### GOAL OF THE EXERCISE
Could you repeat the records below exactly, leaving out any pictures?
(RECORDED DATA Opens)
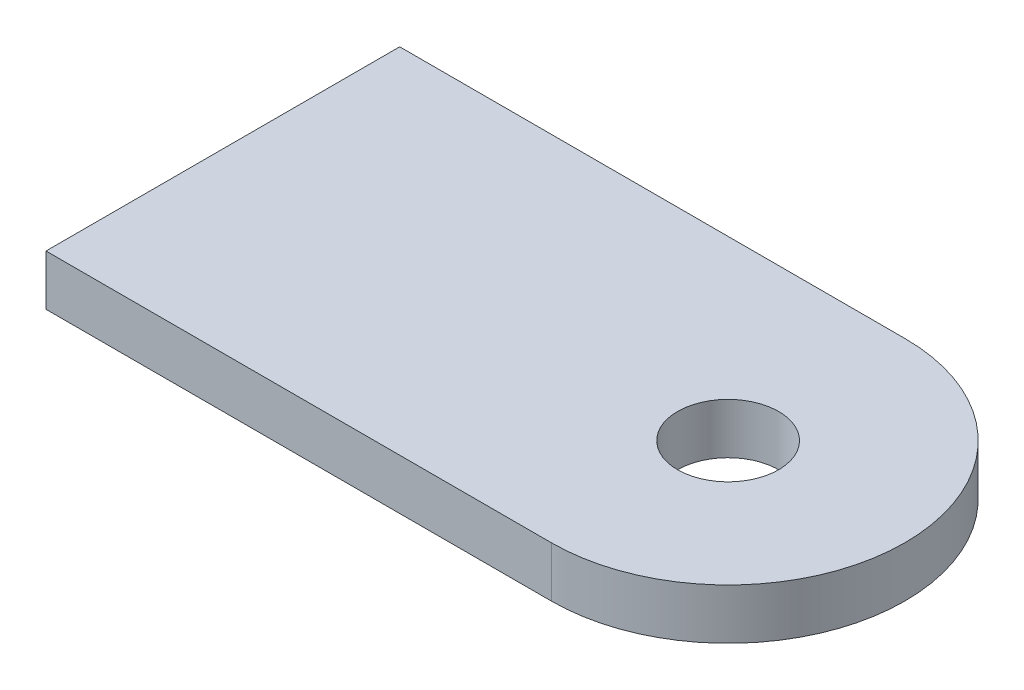
SolidWorks part; units mm, degrees
ref_plane "Front Plane" through (0, 0, 0) normal (0, 0, 1) x (1, 0, 0)
ref_plane "Top Plane" through (0, 0, 0) normal (0, 1, 0) x (1, 0, 0)
ref_plane "Right Plane" through (0, 0, 0) normal (1, 0, 0) x (0, 0, -1)
sketch "Sketch1" plane through (0, 0, 0) normal (0, 1, 0) x (1, 0, 0)
  line L0 (0, 0) -> (0, 0.7)
  line L1 (0, 0.7) -> (1, 0.7)
  line L2 (0, 0) -> (1, 0)
  arc A0 (1, 0.7) -> (1, 0) centre (1, 0.35) cw
  circle A1 centre (1, 0.35) radius 0.1
  dimension "D3" = 0.2
  dimension "D1" = 0.7
  dimension "D2" = 1
extrude "Boss-Extrude1" add sketch "Sketch1" along normal blind 0.1
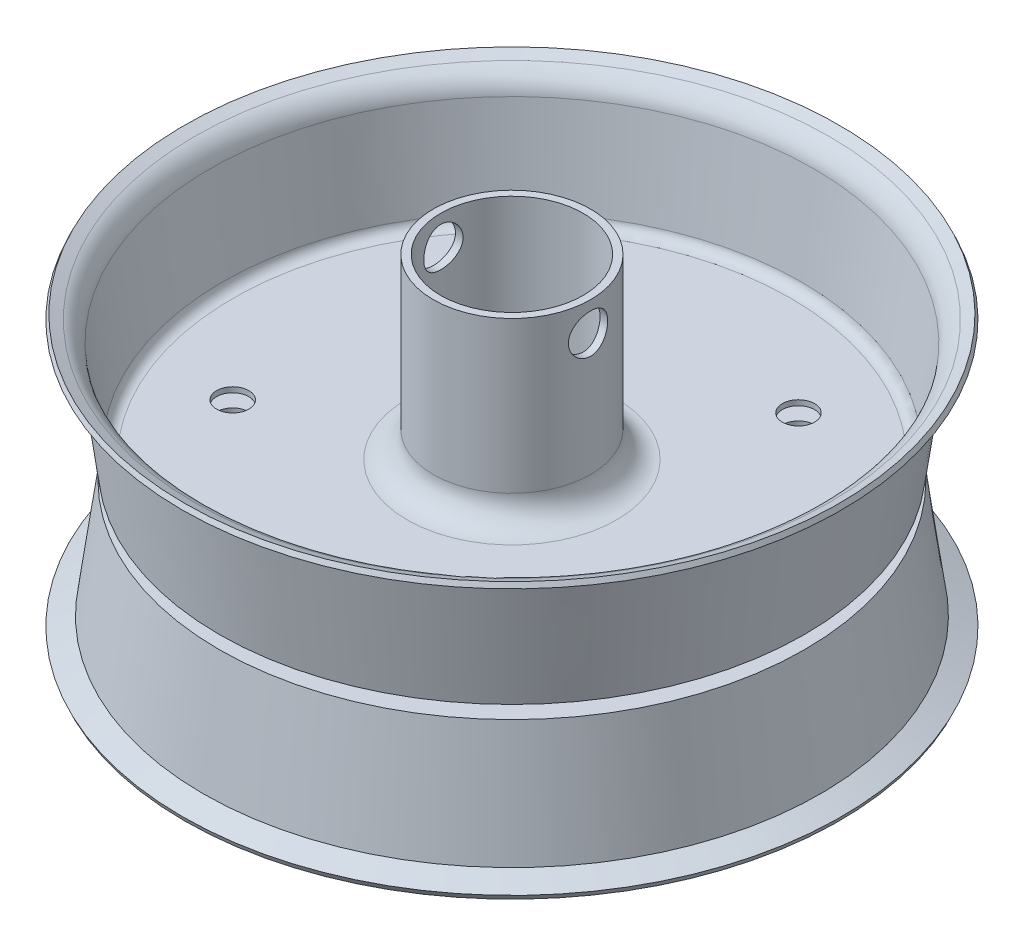
SolidWorks part; units mm, degrees
material "Alloy Steel"
ref_plane "Front Plane" through (0, 0, 0) normal (0, 0, 1) x (1, 0, 0)
ref_plane "Top Plane" through (0, 0, 0) normal (0, 1, 0) x (1, 0, 0)
ref_plane "Right Plane" through (0, 0, 0) normal (1, 0, 0) x (0, 0, -1)
sketch "Sketch1" plane through (0, 0, 0) normal (0, 1, 0) x (1, 0, 0)
  circle A0 centre (0, 0) radius 19.05
  circle A1 centre (0, 0) radius 17.272
  dimension "D1" = 34.544
  dimension "D2" = 38.1
extrude "Boss-Extrude1" add sketch "Sketch1" along normal blind 73.152
ref_plane "Plane1" through (0, 30.099, 0) normal (0, 1, 0) x (1, 0, 0)
sketch "Sketch3" plane through (0, 0, 0) normal (1, 0, 0) x (0, 0, -1)
  line L0 (-19.05, 30.099) -> (-69.85, 30.099)
  line L1 (20.955, 30.099) -> (-20.955, 30.099) construction
  line L2 (-69.85, 30.099) -> (-73.66, 58.039)
  line L3 (-73.66, 58.039) -> (-79.375, 60.579)
  line L4 (-19.05, 28.829) -> (-70.9586, 28.829)
  line L5 (-70.9586, 28.829) -> (-74.8227, 57.166)
  line L6 (-74.8227, 57.166) -> (-79.8908, 59.4185)
  line L7 (-79.375, 60.579) -> (-79.8908, 59.4185)
  line L8 (0, 73.152) -> (0, 28.829) construction
  line L9 (19.05, 73.152) -> (-19.05, 73.152) construction
  line L10 (-19.05, 28.829) -> (-19.05, 30.099)
  line L11 (-19.05, 73.152) -> (-19.05, 0) construction
  line L12 (0, 30.099) -> (-69.85, 30.099) construction
  line L13 (0, 28.829) -> (-70.9586, 28.829) construction
  dimension "D1" = 69.85
  dimension "D2" = 73.66
  dimension "D3" = 79.375
  dimension "D4" = 30.48
  dimension "D5" = 27.94
  dimension "D6" = 1.27
revolve "Revolve1" add sketch "Sketch3" angle 360 about L8
fillet "Fillet1" radius 6.35 1 edges at (0, 30.099, 19.05)
fillet "Fillet2" radius 2.54 1 edges at (0, 30.099, 69.85)
fillet "Fillet3" radius 6.35 1 edges at (0, 58.039, 73.66)
ref_plane "Plane2" through (0, 27.2415, 0) normal (0, -1, 0) x (-1, 0, 0)
sketch "Sketch2" plane through (0, 30.099, 0) normal (0, 1, 0) x (1, 0, 0)
  circle A0 centre (-34.6148, 37.4844) radius 3.9
  circle A1 centre (24.9533, 44.504) radius 3.9
  circle A2 centre (50.0368, -9.9795) radius 3.9
  circle A3 centre (5.9712, -50.6716) radius 3.9
  circle A4 centre (-46.3464, -21.3373) radius 3.9
  point P0 (-34.6148, 37.4844)
  point P14 (0, 0)
  dimension "D2" = 7.8
  dimension "D1" = 51.0222
  dimension "D3" = 5
extrude "Cut-Extrude1" cut sketch "Sketch2" against normal up to next
mirror "Mirror1" about plane through (0, 27.2415, 0) normal (0, -1, 0) of "Cut-Extrude1", "Fillet3", "Fillet2", "Fillet1", "Revolve1"
sketch "Sketch4" plane through (0, 0, 0) normal (1, 0, 0) x (0, 0, -1)
  line L0 (0, 0) -> (0, 84.6072) construction
  circle A0 centre (0, 66.04) radius 4.7625
  circle A1 centre (0, 10.16) radius 4.7625
  dimension "D2" = 9.525
  dimension "D3" = 10.16
  dimension "D1" = 66.04
extrude "Cut-Extrude2" cut sketch "Sketch4" against normal up to next and the other way up to next
(RECORDED DATA Closes)
### EXERCISE RESULT
SolidWorks part; units mm, degrees
ref_plane "Front Plane" through (0, 0, 0) normal (0, 0, 1) x (1, 0, 0)
ref_plane "Top Plane" through (0, 0, 0) normal (0, 1, 0) x (1, 0, 0)
ref_plane "Right Plane" through (0, 0, 0) normal (1, 0, 0) x (0, 0, -1)
sketch "Sketch1" plane through (0, 0, 0) normal (0, 1, 0) x (1, 0, 0)
  line L0 (0, 0) -> (0, 0.7)
  line L1 (0, 0.7) -> (1, 0.7)
  line L2 (0, 0) -> (1, 0)
  arc A0 (1, 0.7) -> (1, 0) centre (1, 0.35) cw
  circle A1 centre (1, 0.35) radius 0.1
  dimension "D3" = 0.2
  dimension "D1" = 0.7
  dimension "D2" = 1
extrude "Boss-Extrude1" add sketch "Sketch1" along normal blind 0.1
SolidWorks part; units mm, degrees
material "Alloy Steel"
ref_plane "Front Plane" through (0, 0, 0) normal (0, 0, 1) x (1, 0, 0)
ref_plane "Top Plane" through (0, 0, 0) normal (0, 1, 0) x (1, 0, 0)
ref_plane "Right Plane" through (0, 0, 0) normal (1, 0, 0) x (0, 0, -1)
sketch "Sketch1" plane through (0, 0, 0) normal (0, 1, 0) x (1, 0, 0)
  circle A0 centre (0, 0) radius 19.05
  circle A1 centre (0, 0) radius 17.272
  dimension "D1" = 34.544
  dimension "D2" = 38.1
extrude "Boss-Extrude1" add sketch "Sketch1" along normal blind 73.152
ref_plane "Plane1" through (0, 30.099, 0) normal (0, 1, 0) x (1, 0, 0)
sketch "Sketch3" plane through (0, 0, 0) normal (1, 0, 0) x (0, 0, -1)
  line L0 (-19.05, 30.099) -> (-69.85, 30.099)
  line L1 (20.955, 30.099) -> (-20.955, 30.099) construction
  line L2 (-69.85, 30.099) -> (-73.66, 58.039)
  line L3 (-73.66, 58.039) -> (-79.375, 60.579)
  line L4 (-19.05, 28.829) -> (-70.9586, 28.829)
  line L5 (-70.9586, 28.829) -> (-74.8227, 57.166)
  line L6 (-74.8227, 57.166) -> (-79.8908, 59.4185)
  line L7 (-79.375, 60.579) -> (-79.8908, 59.4185)
  line L8 (0, 73.152) -> (0, 28.829) construction
  line L9 (19.05, 73.152) -> (-19.05, 73.152) construction
  line L10 (-19.05, 28.829) -> (-19.05, 30.099)
  line L11 (-19.05, 73.152) -> (-19.05, 0) construction
  line L12 (0, 30.099) -> (-69.85, 30.099) construction
  line L13 (0, 28.829) -> (-70.9586, 28.829) construction
  dimension "D1" = 69.85
  dimension "D2" = 73.66
  dimension "D3" = 79.375
  dimension "D4" = 30.48
  dimension "D5" = 27.94
  dimension "D6" = 1.27
revolve "Revolve1" add sketch "Sketch3" angle 360 about L8
fillet "Fillet1" radius 6.35 1 edges at (0, 30.099, 19.05)
fillet "Fillet2" radius 2.54 1 edges at (0, 30.099, 69.85)
fillet "Fillet3" radius 6.35 1 edges at (0, 58.039, 73.66)
ref_plane "Plane2" through (0, 27.2415, 0) normal (0, -1, 0) x (-1, 0, 0)
sketch "Sketch2" plane through (0, 30.099, 0) normal (0, 1, 0) x (1, 0, 0)
  circle A0 centre (-34.6148, 37.4844) radius 3.9
  circle A1 centre (24.9533, 44.504) radius 3.9
  circle A2 centre (50.0368, -9.9795) radius 3.9
  circle A3 centre (5.9712, -50.6716) radius 3.9
  circle A4 centre (-46.3464, -21.3373) radius 3.9
  point P0 (-34.6148, 37.4844)
  point P14 (0, 0)
  dimension "D2" = 7.8
  dimension "D1" = 51.0222
  dimension "D3" = 5
extrude "Cut-Extrude1" cut sketch "Sketch2" against normal up to next
mirror "Mirror1" about plane through (0, 27.2415, 0) normal (0, -1, 0) of "Cut-Extrude1", "Fillet3", "Fillet2", "Fillet1", "Revolve1"
sketch "Sketch4" plane through (0, 0, 0) normal (1, 0, 0) x (0, 0, -1)
  line L0 (0, 0) -> (0, 84.6072) construction
  circle A0 centre (0, 66.04) radius 4.7625
  circle A1 centre (0, 10.16) radius 4.7625
  dimension "D2" = 9.525
  dimension "D3" = 10.16
  dimension "D1" = 66.04
extrude "Cut-Extrude2" cut sketch "Sketch4" against normal up to next and the other way up to next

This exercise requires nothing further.